Successful modifications to sports include:

  • size of equipment
  • playing area and goals
  • duration of games
  • team sizes and interchanges.

These modified games use equipment that better suits the size and ability of the children, smaller playing areas, goals that are smaller or lower, smaller teams and/or more interchanges.

So the question is, ultimately why do we modify tennis?

Ideally we modify tennis to closely resemble or replicate the professional game. We want kids to enjoy and love the sport, and develop to their full potential. Low compression balls allow for more hitting opportunities, more success and more fun.

With arguably the greatest tennis player of all time and 17-time Grand Slam Champion Roger Federer growing up and developing through modified tennis programs as a young child, why should your child be any different!

The right ball at the right time

In my experience as a tennis coach it is important that all tennis players starting at a young age between 5-12 years old uses the right ball at the right time. The bounce of the ball is critical, and one of the most important things in developing tennis players. This allows players to strike the ball in an optimal hitting zone between waist and shoulder height.

Players that have worked with the low compression balls at a young age usually develop into a more complete tennis player. This is a big advantage when competing on a national and international level from 13-18 years old.

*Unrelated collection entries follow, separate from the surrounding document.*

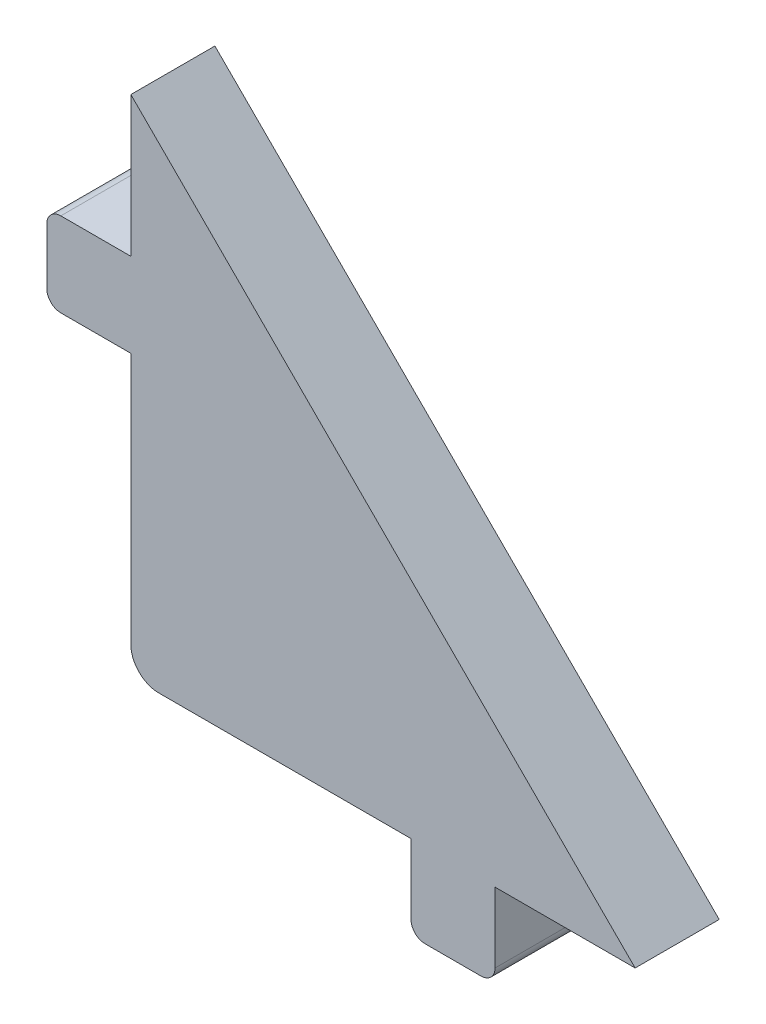
from build123d import *

# Parameters (mm, degrees)
EXTRUDE_1_DEPTH = 3
FILLET_1_R      = 0.5
FILLET_2_R      = 1


with BuildPart() as part:
    # Эскиз1 → Бобышка-Вытянуть1 (new body)
    with BuildSketch(Plane.XY):
        Polygon((3, 0), (0, 0), (0, 3), (8, 3), (16, -5), (16, -13), (13, -13), (13, -10), (3, -10), align=None)
        Polygon((3, 8), (3, 3), (8, 3), align=None)
        Polygon((21, -10), (16, -5), (16, -10), align=None)
    extrude(amount=EXTRUDE_1_DEPTH)

    # Скругление1
    fillet_1_edges = [part.edges().sort_by_distance(p)[0] for p in [
        (0, 0, 1.5),
        (0, 3, 1.5),
        (16, -13, 1.5),
        (13, -13, 1.5),
    ]]
    fillet(fillet_1_edges, radius=FILLET_1_R)

    # Скругление2
    fillet_2_edges = [part.edges().sort_by_distance(p)[0] for p in [
        (3, -10, 1.5),
    ]]
    fillet(fillet_2_edges, radius=FILLET_2_R)


solid = part.part
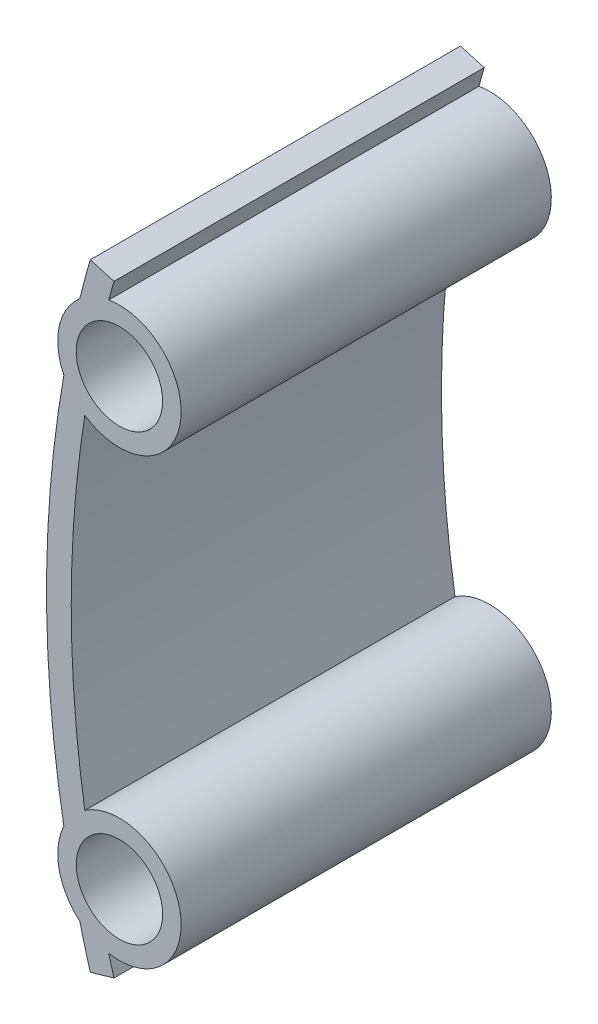
from build123d import *

# Parameters (mm, degrees)
SKETCH1_R           = 3.5
BOSS_EXTRUDE1_DEPTH = 30


with BuildPart() as part:
    # Sketch1 → Boss-Extrude1 (new body)
    with BuildSketch(Plane.XY):
        with BuildLine():
            Line((3.541917671, 25), (5.463208389, 24.444444444))
            ThreePointArc((5.463208389, 24.444444444), (5.24739546, 23.685354625), (5.038398555, 22.924359969))
            ThreePointArc((5.038398555, 22.924359969), (10.794070727, 16.953488372), (3.098606761, 13.861740626))
            ThreePointArc((3.098606761, 13.861740626), (2, 0), (3.098606761, -13.861740626))
            ThreePointArc((3.098606761, -13.861740626), (10.794070727, -16.953488372), (5.038398555, -22.924359969))
            ThreePointArc((5.038398555, -22.924359969), (5.24739546, -23.685354625), (5.463208389, -24.444444444))
            Line((5.463208389, -24.444444444), (3.541917671, -25))
            ThreePointArc((3.541917671, -25), (3.099888289, -23.417313778), (2.686828675, -21.826820958))
            ThreePointArc((2.686828675, -21.826820958), (1.01556094, -19.046511628), (1.402328405, -15.825693915))
            ThreePointArc((1.402328405, -15.825693915), (0, 0), (1.402328405, 15.825693915))
            ThreePointArc((1.402328405, 15.825693915), (1.01556094, 19.046511628), (2.686828675, 21.826820958))
            ThreePointArc((2.686828675, 21.826820958), (3.099888289, 23.417313778), (3.541917671, 25))
        make_face()
        with Locations((5.904815833, 18)):
            Circle(SKETCH1_R, mode=Mode.SUBTRACT)
        with Locations((5.904815833, -18)):
            Circle(SKETCH1_R, mode=Mode.SUBTRACT)
    extrude(amount=BOSS_EXTRUDE1_DEPTH)


solid = part.part
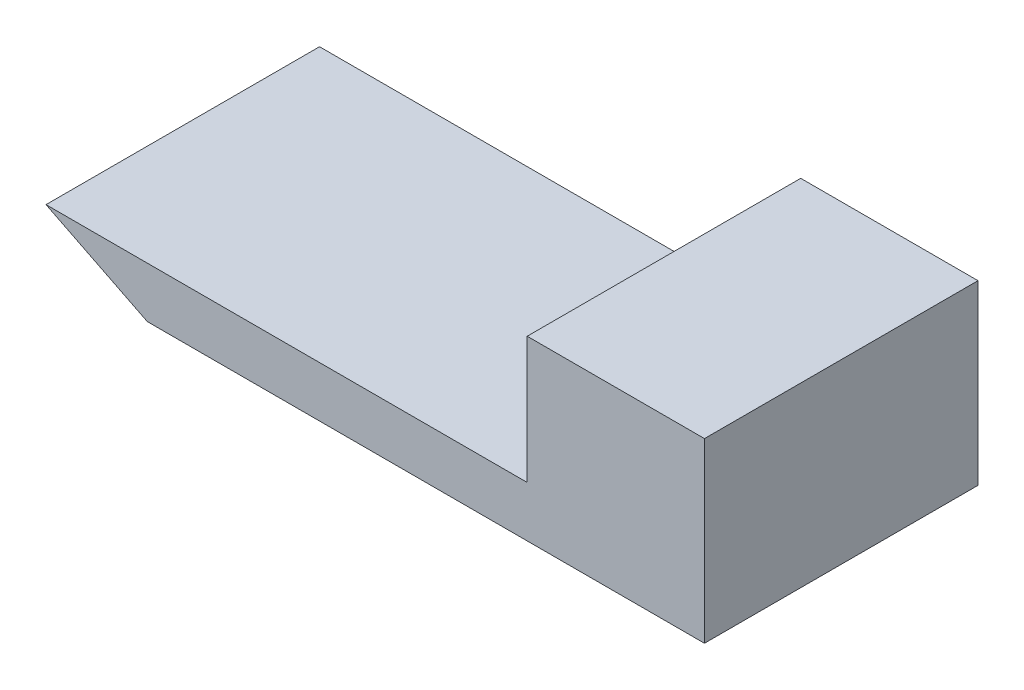
from build123d import *

# Parameters (mm, degrees)
SALIENTE_EXTRUIR1_DEPTH = 10.8


with BuildPart() as part:
    # Croquis1 → Saliente-Extruir1 (new body)
    with BuildSketch(Plane.XY):
        Polygon((-41.386126084, 15.454256189), (-41.386126084, 13.454256189), (-63.386126084, 13.454256189), (-67.386126084, 15.454256189), (-48.386126084, 15.454256189), (-48.386126084, 20.454256189), (-41.386126084, 20.454256189), align=None)
    extrude(amount=SALIENTE_EXTRUIR1_DEPTH)


solid = part.part
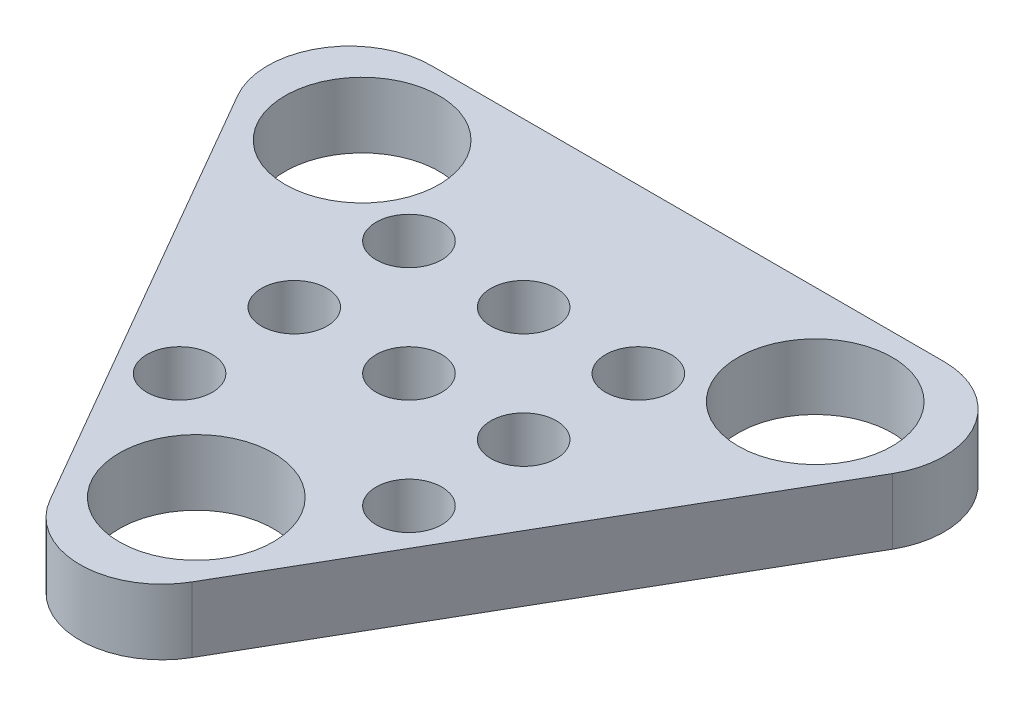
from build123d import *

# Parameters (mm, degrees)
SKETCH1_R      = 2.35
SKETCH1_R_2    = 1
EXTRUDE1_DEPTH = 2


with BuildPart() as part:
    # Sketch1 → Extrude1 (new body)
    with BuildSketch(Plane(origin=(0, 0, 0), x_dir=(1, 0, 0), z_dir=(0, 1, 0))):
        with BuildLine():
            Line((-5.186041147, 3.316192399), (2.637731834, -10.234979911))
            ThreePointArc((2.637731834, -10.234979911), (4.802795343, -11.484979911), (6.967858853, -10.234979911))
            Line((6.967858853, -10.234979911), (14.791631834, 3.316192399))
            ThreePointArc((14.791631834, 3.316192399), (14.791631834, 5.816192399), (12.626568324, 7.066192399))
            Line((12.626568324, 7.066192399), (-3.020977638, 7.066192399))
            ThreePointArc((-3.020977638, 7.066192399), (-5.186041147, 5.816192399), (-5.186041147, 3.316192399))
        make_face()
        with Locations((-2.110635714, 4.040606244)):
            Circle(SKETCH1_R, mode=Mode.SUBTRACT)
        with Locations((4.802795343, -7.933807601)):
            Circle(SKETCH1_R, mode=Mode.SUBTRACT)
        with Locations((11.7162264, 4.040606244)):
            Circle(SKETCH1_R, mode=Mode.SUBTRACT)
        with Locations((1.270334632, 2.088602105)):
            Circle(SKETCH1_R_2, mode=Mode.SUBTRACT)
        with Locations((4.770334632, 2.088602105)):
            Circle(SKETCH1_R_2, mode=Mode.SUBTRACT)
        with Locations((8.270334632, 2.088602105)):
            Circle(SKETCH1_R_2, mode=Mode.SUBTRACT)
        with Locations((1.270334632, -1.411397895)):
            Circle(SKETCH1_R_2, mode=Mode.SUBTRACT)
        with Locations((4.770334632, -1.411397895)):
            Circle(SKETCH1_R_2, mode=Mode.SUBTRACT)
        with Locations((8.270334632, -1.411397895)):
            Circle(SKETCH1_R_2, mode=Mode.SUBTRACT)
        with Locations((1.270334632, -4.911397895)):
            Circle(SKETCH1_R_2, mode=Mode.SUBTRACT)
        with Locations((8.270334632, -4.911397895)):
            Circle(SKETCH1_R_2, mode=Mode.SUBTRACT)
    extrude(amount=EXTRUDE1_DEPTH)


solid = part.part

The picture below shows that even at the age of 10 and under, the regular yellow ball will bounce above the head of an average 10-year-old player. This means that playing with efficient, realistic technique and tactics is very difficult, as players either have to:

  • regularly take the ball early and play most ground strokes above the optimal striking zone (in line with, and above the head), and/or
  • play well behind the baseline and take the ball late, waiting for the ball to drop


The slower Red, Orange and Green balls however are designed to bounce lower and move through the air slower to suit the height and motor skills of the player.

The right court size at the right time

The next important thing is to use the right ball on the right size tennis court. The court size should be relevant and realistic to the size of the player. Most children aged 10 and under will struggle to cover a full tennis court, meaning rallies are shorter, court position will be inside the baseline, and the use of advanced tactics is unrealistic. Footwork patterns are difficult to develop, as children have to use more steps to cover the court, affecting movement styles to the ball and in recovery. A fast and high bouncing ball also affects this. Approaching the net and volleying becomes an unrealistic tactic for small players on big courts because they take longer to reach an optimal net position because of their size and speed and are easy to pass or lob.

I strongly recommend the use of the right compression ball and court size to allow the players to develop to their full potential and give everyone a great experience with tennis.